In Roy Anderssons’s painfully funny ‘Songs from the Second Floor‘ there are a few moments when the characters glance at the camera. It comes as a surprise, but not the kind demanding attention, not the kind saying ‘look i’m breaking the rules, i’m surprising you’. You could almost miss it. It’s a gaze of weakness, not strength… until now i’ve only known this kind of ‘surprise’ as an act of strength beyond naturalism, a summoning of courage by the one daring to stare at the spectators, but here it’s different. The first of these moments was so slight I thought I was imagining it, the frail man (who, earlier, had been almost sawed in half by an inept magician) struggling to his seat.
The next follows straight on from this, and seemed like the kind of resigned glance we throw at a TV. It made me wonder about the one before, so I went back, and it seemed likely the man was looking at a TV there too. I knew that face, i’ve walked into a restaurant feeling like that.
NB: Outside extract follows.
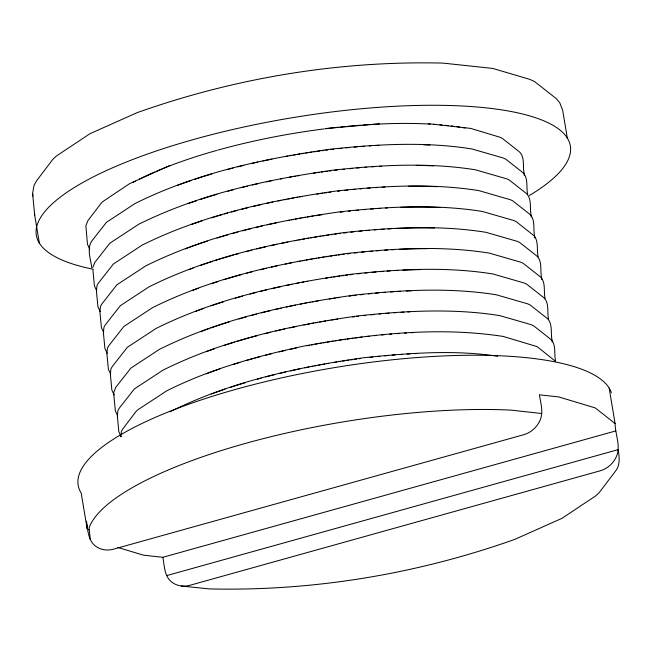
<?xml version="1.0" encoding="UTF-8"?>
<svg xmlns="http://www.w3.org/2000/svg" width="652" height="652" viewBox="0 0 652 652"><rect width="100%" height="100%" fill="white"/><g stroke="black" fill="none" stroke-linecap="round" stroke-linejoin="round"><path stroke-width="0.98" d="M88.713 529.807L87.123 528.56L86.423 521.192C87.881 530.304 88.11 542.122 97.303 547.313C102.095 550.166 108.02 550.696 113.35 549.22L523.817 434.688C530.475 432.789 536.164 427.989 539.31 421.836C543.98 413.401 540.81 403.604 539.383 394.802L558.805 396.946L595.268 407.924L615.097 423.547C615.162 434.949 621.576 447.036 615.732 457.94C612.587 464.094 606.898 468.902 600.239 470.793L189.765 585.333C183.595 587.069 176.562 586.001 171.549 581.886C164.133 576.042 164.516 565.651 162.837 557.305L143.416 555.162L117.507 547.362M39.356 243.106L34.711 215.331L32.6 193.391L34.018 185.355L36.716 180.612L52.608 159.65L56.243 156.138L90.033 133.66L137.197 112.625C235.013 77.914 339.154 60.603 442.961 63.097L492.765 68.427L529.937 79.414L534.591 81.581L556.132 98.517L559.718 102.666L562.676 110.318L567.33 138.094M92.845 267.393L94.858 262.373L109.903 243.172L138.599 224.329C199.153 194.174 265.967 179.683 332.528 170.213C379.945 165.037 428.005 162.266 475.341 169.781L506.865 178.876L509.188 179.96L525.3 192.65C532.464 197.703 529.359 207.923 531.184 215.217L531.233 217.051M169.773 165.535L129.691 183.603L102.926 201.509L101.109 203.269L87.881 220.71L85.877 225.731L87.474 244.296L89.78 249.219M169.976 411.803C230.523 381.656 297.336 367.166 363.906 357.695C408.291 353.197 453.303 349.537 497.663 356.261M162.837 557.305L615.798 430.915M166.659 575.618L618.178 449.627C619.343 456.946 620.492 465.267 615.284 471.388L599.392 492.35L595.757 495.862L561.967 518.34L514.803 539.375C416.987 574.086 312.846 591.397 209.039 588.903L181.37 586.009M325.56 128.55L379.448 123.831M428.16 123.684L470.573 128.387L499.888 137.213L502.219 138.297L518.324 150.987C525.488 156.04 522.382 166.26 524.208 173.554L524.265 175.388M541.755 413.523L510.85 410.108A269.969 73.505 -9.5 0 0 89.12 527.786L90.245 539.506M555.251 361.118L537.077 346.611L503.222 336.432C437.272 326.367 370.214 334.068 305.014 345.837C257.434 356.041 210.115 368.975 166.488 390.972L137.784 409.823L135.966 411.575L122.747 429.024L121.394 431.396L120.816 436.783M96.749 290.882L94.45 285.959L92.934 270.132M100.237 311.713L97.93 306.79L96.414 290.963L96.993 285.576L98.338 283.204L113.383 264.003L142.087 245.16C202.633 215.005 269.447 200.514 336.016 191.044C383.433 185.869 431.494 183.098 478.821 190.612L510.353 199.708L512.676 200.792L528.788 213.481C535.952 218.534 532.839 228.754 534.664 236.048L534.721 237.874M103.725 332.544L101.419 327.622L99.903 311.795L100.473 306.407L101.826 304.036L116.871 284.834L145.575 265.983C206.122 235.837 272.935 221.346 339.505 211.876C386.921 206.7 434.982 203.929 482.309 211.444L513.833 220.539L516.164 221.623L532.268 234.312C539.432 239.365 536.327 249.586 538.153 256.88M107.213 353.376L104.907 348.453L103.391 332.626L103.961 327.239L105.314 324.867L120.359 305.666L149.064 286.815C209.61 256.668 276.424 242.177 342.993 232.707C390.409 227.532 438.462 224.761 485.797 232.275L517.321 241.37L519.644 242.454L535.757 255.144C542.92 260.197 539.815 270.417 541.641 277.711L541.698 279.537M110.693 374.207L108.387 369.285L106.879 353.457L107.45 348.07L108.802 345.699L123.839 326.497L152.544 307.646C213.098 277.499 279.912 263.009 346.473 253.538C393.889 248.363 441.95 245.592 489.277 253.106L520.809 262.202L523.132 263.286L539.245 275.975C546.409 281.028 543.303 291.248 545.121 298.543M114.181 395.039L111.875 390.116L110.359 374.289L110.938 368.902L112.283 366.53L127.327 347.329L156.032 328.478C216.578 298.331 283.392 283.84 349.961 274.37C397.378 269.195 445.438 266.423 492.765 273.938L524.289 283.033L526.62 284.117L542.725 296.807C549.897 301.86 546.783 312.08 548.609 319.374M117.67 415.87L115.363 410.947L113.847 395.12L113.766 392.374L115.771 387.361L130.816 368.16L159.52 349.309C220.066 319.162 286.88 304.671 353.449 295.201C400.866 290.026 448.918 287.255 496.253 294.769L527.778 303.865L530.109 304.949L546.213 317.638C553.377 322.691 550.272 332.911 552.097 340.205L552.154 342.031M121.15 436.701L118.851 431.779L117.336 415.952L117.906 410.564L119.259 408.193L134.304 388.991L163 370.14C223.554 339.994 290.368 325.503 356.929 316.033C404.346 310.857 452.406 308.086 499.742 315.601L531.266 324.696L533.589 325.78L549.701 338.469C556.865 343.522 553.76 353.743 555.586 361.037M91.777 267.752C90.807 259.414 86.797 249.398 91.37 241.542L106.415 222.34L135.119 203.497C195.665 173.342 262.479 158.852 329.048 149.381C376.465 144.206 424.517 141.443 471.852 148.949L503.377 158.045L505.707 159.129L521.812 171.818C528.976 176.871 525.871 187.091 527.696 194.386M609.155 388.062L615.097 423.547M87.123 528.56L81.19 493.075A270.719 73.709 -9.5 0 1 312.398 371.542A270.719 73.709 -9.5 0 1 611.405 392.797M32.6 193.391L32.869 196.13M34.434 212.576L34.711 215.331M177.564 185.364A212.185 57.775 -9.5 0 1 191.175 180.522M194.948 179.251A212.185 57.775 -9.5 0 1 211.55 174.043M227.255 169.601A212.185 57.775 -9.5 0 1 233.017 168.077M237.898 166.83A212.185 57.775 -9.5 0 1 243.815 165.363M251.802 163.473A212.185 57.775 -9.5 0 1 257.842 162.112M262.895 161.003A212.185 57.775 -9.5 0 1 271.998 159.112M285.829 156.456A212.185 57.775 -9.5 0 1 287.817 156.097M289.806 155.738A212.185 57.775 -9.5 0 1 291.803 155.388M293.799 155.037A212.185 57.775 -9.5 0 1 295.804 154.695M297.801 154.361A212.185 57.775 -9.5 0 1 299.806 154.027M301.811 153.701A212.185 57.775 -9.5 0 1 303.816 153.383M305.821 153.065A212.185 57.775 -9.5 0 1 307.825 152.755M309.83 152.454A212.185 57.775 -9.5 0 1 311.835 152.152M313.832 151.859A212.185 57.775 -9.5 0 1 315.829 151.574M317.817 151.297A212.185 57.775 -9.5 0 1 319.806 151.019M321.795 150.751A212.185 57.775 -9.5 0 1 323.767 150.482M325.747 150.229A212.185 57.775 -9.5 0 1 327.712 149.976M330.727 149.601A212.185 57.775 -9.5 0 1 333.791 149.226M338.893 148.64A212.185 57.775 -9.5 0 1 341.958 148.306M346.041 147.882A212.185 57.775 -9.5 0 1 349.097 147.58M354.183 147.107A212.185 57.775 -9.5 0 1 357.214 146.839M361.249 146.504A212.185 57.775 -9.5 0 1 364.248 146.276M369.219 145.918A212.185 57.775 -9.5 0 1 371.2 145.787M376.09 145.494A212.185 57.775 -9.5 0 1 378.991 145.339M423.425 144.785A212.185 57.775 -9.5 0 1 429.937 145.046M188.192 203.595A212.185 57.775 -9.5 0 1 196.537 200.718M200.343 199.455A212.185 57.775 -9.5 0 1 217.026 194.288M227.89 191.207A212.185 57.775 -9.5 0 1 233.612 189.667M241.379 187.662A212.185 57.775 -9.5 0 1 247.304 186.195M252.283 185.005A212.185 57.775 -9.5 0 1 258.306 183.619M266.383 181.835A212.185 57.775 -9.5 0 1 272.454 180.563M280.442 178.958A212.185 57.775 -9.5 0 1 282.397 178.583M289.317 177.287A212.185 57.775 -9.5 0 1 291.305 176.92M293.294 176.57A212.185 57.775 -9.5 0 1 295.291 176.219M297.288 175.869A212.185 57.775 -9.5 0 1 299.284 175.527M313.319 173.285A212.185 57.775 -9.5 0 1 315.315 172.984M317.32 172.69A212.185 57.775 -9.5 0 1 319.309 172.405M321.306 172.128A212.185 57.775 -9.5 0 1 323.294 171.851M325.275 171.582A212.185 57.775 -9.5 0 1 327.255 171.313M329.227 171.06A212.185 57.775 -9.5 0 1 331.2 170.808M334.215 170.433A212.185 57.775 -9.5 0 1 337.271 170.058M342.382 169.471A212.185 57.775 -9.5 0 1 344.427 169.251M349.529 168.713A212.185 57.775 -9.5 0 1 352.585 168.412M356.652 168.029A212.185 57.775 -9.5 0 1 359.692 167.76M364.729 167.336A212.185 57.775 -9.5 0 1 366.742 167.181M371.721 166.822A212.185 57.775 -9.5 0 1 374.68 166.619M379.578 166.325A212.185 57.775 -9.5 0 1 381.518 166.219M416.245 165.396A212.185 57.775 -9.5 0 1 433.425 165.877M191.68 224.427A212.185 57.775 -9.5 0 1 201.924 220.914M211.59 217.817A212.185 57.775 -9.5 0 1 222.519 214.532M224.524 213.954A212.185 57.775 -9.5 0 1 227.548 213.098M231.378 212.039A212.185 57.775 -9.5 0 1 237.1 210.498M241.933 209.235A212.185 57.775 -9.5 0 1 247.817 207.752M252.772 206.545A212.185 57.775 -9.5 0 1 261.786 204.451M266.831 203.326A212.185 57.775 -9.5 0 1 272.903 202.022M277.964 200.979A212.185 57.775 -9.5 0 1 280.996 200.368M283.922 199.789A212.185 57.775 -9.5 0 1 285.886 199.414M287.858 199.039A212.185 57.775 -9.5 0 1 289.83 198.664M291.811 198.298A212.185 57.775 -9.5 0 1 293.791 197.939M295.78 197.58A212.185 57.775 -9.5 0 1 297.777 197.222M299.773 196.871A212.185 57.775 -9.5 0 1 301.77 196.529M316.799 194.117A212.185 57.775 -9.5 0 1 318.804 193.815M320.8 193.522A212.185 57.775 -9.5 0 1 322.797 193.236M324.794 192.959A212.185 57.775 -9.5 0 1 326.782 192.682M328.763 192.413A212.185 57.775 -9.5 0 1 330.743 192.144M337.703 191.264A212.185 57.775 -9.5 0 1 339.741 191.012M344.843 190.417A212.185 57.775 -9.5 0 1 347.907 190.082M353.017 189.545A212.185 57.775 -9.5 0 1 355.055 189.341M360.14 188.86A212.185 57.775 -9.5 0 1 362.17 188.681M367.215 188.249A212.185 57.775 -9.5 0 1 370.222 188.012M375.202 187.654A212.185 57.775 -9.5 0 1 377.182 187.515M382.088 187.214A212.185 57.775 -9.5 0 1 384.998 187.051M408.649 186.252A212.185 57.775 -9.5 0 1 436.913 186.708M185.421 248.844A212.185 57.775 -9.5 0 1 188.02 247.858M189.781 247.206A212.185 57.775 -9.5 0 1 207.32 241.118M217.043 238.037A212.185 57.775 -9.5 0 1 228.013 234.785M232.047 233.644A212.185 57.775 -9.5 0 1 237.711 232.096M242.511 230.824A212.185 57.775 -9.5 0 1 251.305 228.583M256.26 227.377A212.185 57.775 -9.5 0 1 262.259 225.967M267.287 224.826A212.185 57.775 -9.5 0 1 276.391 222.854M287.41 220.62A212.185 57.775 -9.5 0 1 289.374 220.246M291.338 219.871A212.185 57.775 -9.5 0 1 293.318 219.496M295.299 219.129A212.185 57.775 -9.5 0 1 297.279 218.762M299.268 218.412A212.185 57.775 -9.5 0 1 301.265 218.053M303.262 217.703A212.185 57.775 -9.5 0 1 305.258 217.36M307.263 217.026A212.185 57.775 -9.5 0 1 309.26 216.692M311.265 216.358A212.185 57.775 -9.5 0 1 313.27 216.04M315.275 215.722A212.185 57.775 -9.5 0 1 322.292 214.647M340.165 212.218A212.185 57.775 -9.5 0 1 343.229 211.843M348.331 211.248A212.185 57.775 -9.5 0 1 350.377 211.028M355.479 210.482A212.185 57.775 -9.5 0 1 358.543 210.172M363.629 209.691A212.185 57.775 -9.5 0 1 365.65 209.512M370.703 209.08A212.185 57.775 -9.5 0 1 373.71 208.844M377.695 208.55A212.185 57.775 -9.5 0 1 380.67 208.347M385.577 208.045A212.185 57.775 -9.5 0 1 387.516 207.931M400.735 207.344A212.185 57.775 -9.5 0 1 440.393 207.54M188.909 269.667A212.185 57.775 -9.5 0 1 193.269 268.037M200.474 265.445A212.185 57.775 -9.5 0 1 212.731 261.322M214.663 260.702A212.185 57.775 -9.5 0 1 233.514 255.046M235.535 254.476A212.185 57.775 -9.5 0 1 238.355 253.701M246 251.656A212.185 57.775 -9.5 0 1 251.835 250.156M256.766 248.934A212.185 57.775 -9.5 0 1 265.747 246.798M270.776 245.657A212.185 57.775 -9.5 0 1 276.839 244.329M281.9 243.261A212.185 57.775 -9.5 0 1 287.964 242.031M294.826 240.702A212.185 57.775 -9.5 0 1 296.799 240.327M298.779 239.96A212.185 57.775 -9.5 0 1 300.768 239.594M302.756 239.243A212.185 57.775 -9.5 0 1 304.745 238.885M306.742 238.534A212.185 57.775 -9.5 0 1 308.746 238.192M310.743 237.858A212.185 57.775 -9.5 0 1 312.748 237.524M314.753 237.189A212.185 57.775 -9.5 0 1 316.758 236.872M318.763 236.554A212.185 57.775 -9.5 0 1 320.768 236.236M322.773 235.926A212.185 57.775 -9.5 0 1 324.777 235.625M326.774 235.331A212.185 57.775 -9.5 0 1 328.771 235.046M330.768 234.761A212.185 57.775 -9.5 0 1 332.756 234.475M334.745 234.207A212.185 57.775 -9.5 0 1 336.725 233.938M338.706 233.677A212.185 57.775 -9.5 0 1 340.67 233.424M343.653 233.049A212.185 57.775 -9.5 0 1 346.709 232.674M350.792 232.202A212.185 57.775 -9.5 0 1 353.857 231.859M358.967 231.313A212.185 57.775 -9.5 0 1 362.023 231.004M366.098 230.612A212.185 57.775 -9.5 0 1 369.138 230.343M374.183 229.911A212.185 57.775 -9.5 0 1 376.196 229.757M381.184 229.382A212.185 57.775 -9.5 0 1 384.158 229.178M388.087 228.933A212.185 57.775 -9.5 0 1 391.004 228.762M395.813 228.518A212.185 57.775 -9.5 0 1 434.509 228.029M192.397 290.499A212.185 57.775 -9.5 0 1 198.526 288.217M211.427 283.726A212.185 57.775 -9.5 0 1 218.151 281.534M224.019 279.7A212.185 57.775 -9.5 0 1 241.835 274.533M246.595 273.245A212.185 57.775 -9.5 0 1 252.389 271.729M260.254 269.765A212.185 57.775 -9.5 0 1 266.228 268.331M271.24 267.173A212.185 57.775 -9.5 0 1 277.287 265.82M285.38 264.093A212.185 57.775 -9.5 0 1 291.452 262.862M298.314 261.533A212.185 57.775 -9.5 0 1 300.287 261.159M302.267 260.792A212.185 57.775 -9.5 0 1 304.256 260.425M306.244 260.067A212.185 57.775 -9.5 0 1 308.233 259.716M310.23 259.366A212.185 57.775 -9.5 0 1 312.226 259.023M314.231 258.689A212.185 57.775 -9.5 0 1 316.236 258.355M318.241 258.021A212.185 57.775 -9.5 0 1 320.246 257.703M322.251 257.377A212.185 57.775 -9.5 0 1 324.256 257.067M326.261 256.758A212.185 57.775 -9.5 0 1 328.258 256.456M330.262 256.163A212.185 57.775 -9.5 0 1 332.259 255.877M334.256 255.592A212.185 57.775 -9.5 0 1 336.245 255.307M338.233 255.038A212.185 57.775 -9.5 0 1 340.214 254.769M342.186 254.508A212.185 57.775 -9.5 0 1 344.158 254.256M347.141 253.881A212.185 57.775 -9.5 0 1 350.197 253.506M354.28 253.033A212.185 57.775 -9.5 0 1 357.345 252.683M361.428 252.251A212.185 57.775 -9.5 0 1 364.492 251.933M369.578 251.444A212.185 57.775 -9.5 0 1 372.626 251.167M376.669 250.824A212.185 57.775 -9.5 0 1 379.676 250.58M384.672 250.213A212.185 57.775 -9.5 0 1 387.638 250.009M391.567 249.765A212.185 57.775 -9.5 0 1 394.493 249.594M399.301 249.349A212.185 57.775 -9.5 0 1 427.207 248.705M195.877 311.33A212.185 57.775 -9.5 0 1 203.807 308.396M211.15 305.829A212.185 57.775 -9.5 0 1 223.579 301.754M235.462 298.151A212.185 57.775 -9.5 0 1 242.503 296.138M250.083 294.076A212.185 57.775 -9.5 0 1 255.877 292.561M260.776 291.322A212.185 57.775 -9.5 0 1 266.717 289.871M271.713 288.697A212.185 57.775 -9.5 0 1 280.776 286.652M285.837 285.56A212.185 57.775 -9.5 0 1 291.909 284.305M296.888 283.31A212.185 57.775 -9.5 0 1 298.852 282.927M301.803 282.365A212.185 57.775 -9.5 0 1 303.775 281.99M305.755 281.623A212.185 57.775 -9.5 0 1 307.736 281.257M325.739 278.208A212.185 57.775 -9.5 0 1 327.744 277.899M329.741 277.589A212.185 57.775 -9.5 0 1 331.746 277.287M333.751 276.994A212.185 57.775 -9.5 0 1 335.747 276.709M337.736 276.424A212.185 57.775 -9.5 0 1 339.733 276.138M341.713 275.869A212.185 57.775 -9.5 0 1 343.702 275.6M345.674 275.34A212.185 57.775 -9.5 0 1 347.646 275.087M349.611 274.834A212.185 57.775 -9.5 0 1 352.667 274.459M357.769 273.864A212.185 57.775 -9.5 0 1 360.833 273.514M364.916 273.082A212.185 57.775 -9.5 0 1 367.981 272.764M372.047 272.373A212.185 57.775 -9.5 0 1 376.114 271.998M380.149 271.656A212.185 57.775 -9.5 0 1 383.164 271.411M387.166 271.118A212.185 57.775 -9.5 0 1 390.14 270.906M395.055 270.596A212.185 57.775 -9.5 0 1 397.973 270.425M402.789 270.181A212.185 57.775 -9.5 0 1 420.54 269.602M201.093 331.509A212.185 57.775 -9.5 0 1 209.105 328.584M210.938 327.94A212.185 57.775 -9.5 0 1 229.023 321.966M238.942 318.983A212.185 57.775 -9.5 0 1 245.991 316.97M250.702 315.674A212.185 57.775 -9.5 0 1 256.456 314.15M261.313 312.895A212.185 57.775 -9.5 0 1 270.205 310.702M275.201 309.529A212.185 57.775 -9.5 0 1 281.232 308.151M286.285 307.043A212.185 57.775 -9.5 0 1 295.389 305.136M300.376 304.142A212.185 57.775 -9.5 0 1 302.332 303.759M304.297 303.376A212.185 57.775 -9.5 0 1 306.269 303.009M308.249 302.634A212.185 57.775 -9.5 0 1 310.23 302.275M312.218 301.909A212.185 57.775 -9.5 0 1 314.207 301.558M316.204 301.208A212.185 57.775 -9.5 0 1 318.2 300.857M329.219 299.04A212.185 57.775 -9.5 0 1 331.224 298.73M333.229 298.42A212.185 57.775 -9.5 0 1 335.234 298.119M337.231 297.825A212.185 57.775 -9.5 0 1 339.227 297.532M349.162 296.171A212.185 57.775 -9.5 0 1 351.126 295.918M353.099 295.666A212.185 57.775 -9.5 0 1 356.147 295.291M360.23 294.81A212.185 57.775 -9.5 0 1 363.294 294.459M368.404 293.913A212.185 57.775 -9.5 0 1 371.461 293.596M375.536 293.204A212.185 57.775 -9.5 0 1 378.584 292.927M383.637 292.487A212.185 57.775 -9.5 0 1 385.65 292.324M390.646 291.949A212.185 57.775 -9.5 0 1 393.629 291.737M397.565 291.485A212.185 57.775 -9.5 0 1 400.491 291.314M406.277 291.012A212.185 57.775 -9.5 0 1 411.534 290.784M206.334 351.689A212.185 57.775 -9.5 0 1 214.418 348.771M223.791 345.584A212.185 57.775 -9.5 0 1 234.475 342.194M236.456 341.591A212.185 57.775 -9.5 0 1 249.48 337.801M251.354 337.28A212.185 57.775 -9.5 0 1 257.051 335.739M264.802 333.726A212.185 57.775 -9.5 0 1 270.71 332.259M275.682 331.061A212.185 57.775 -9.5 0 1 284.72 328.983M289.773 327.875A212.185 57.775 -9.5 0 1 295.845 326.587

Tired eyes glad for an absorbing focus, something at last which won’t reflect attention or demand response. This is a guilty, exhausted, lost gaze, yearning for a break from pain, stress, humiliation – something I’ve rarely ever seen properly captured on film. I wonder about what it means for ‘us’ to be situated as this TV, for the characters to be looking to us for relief. What is it that we see at these moments? The men in question are old enough to remember life without TV. The year is 2000. Here we are.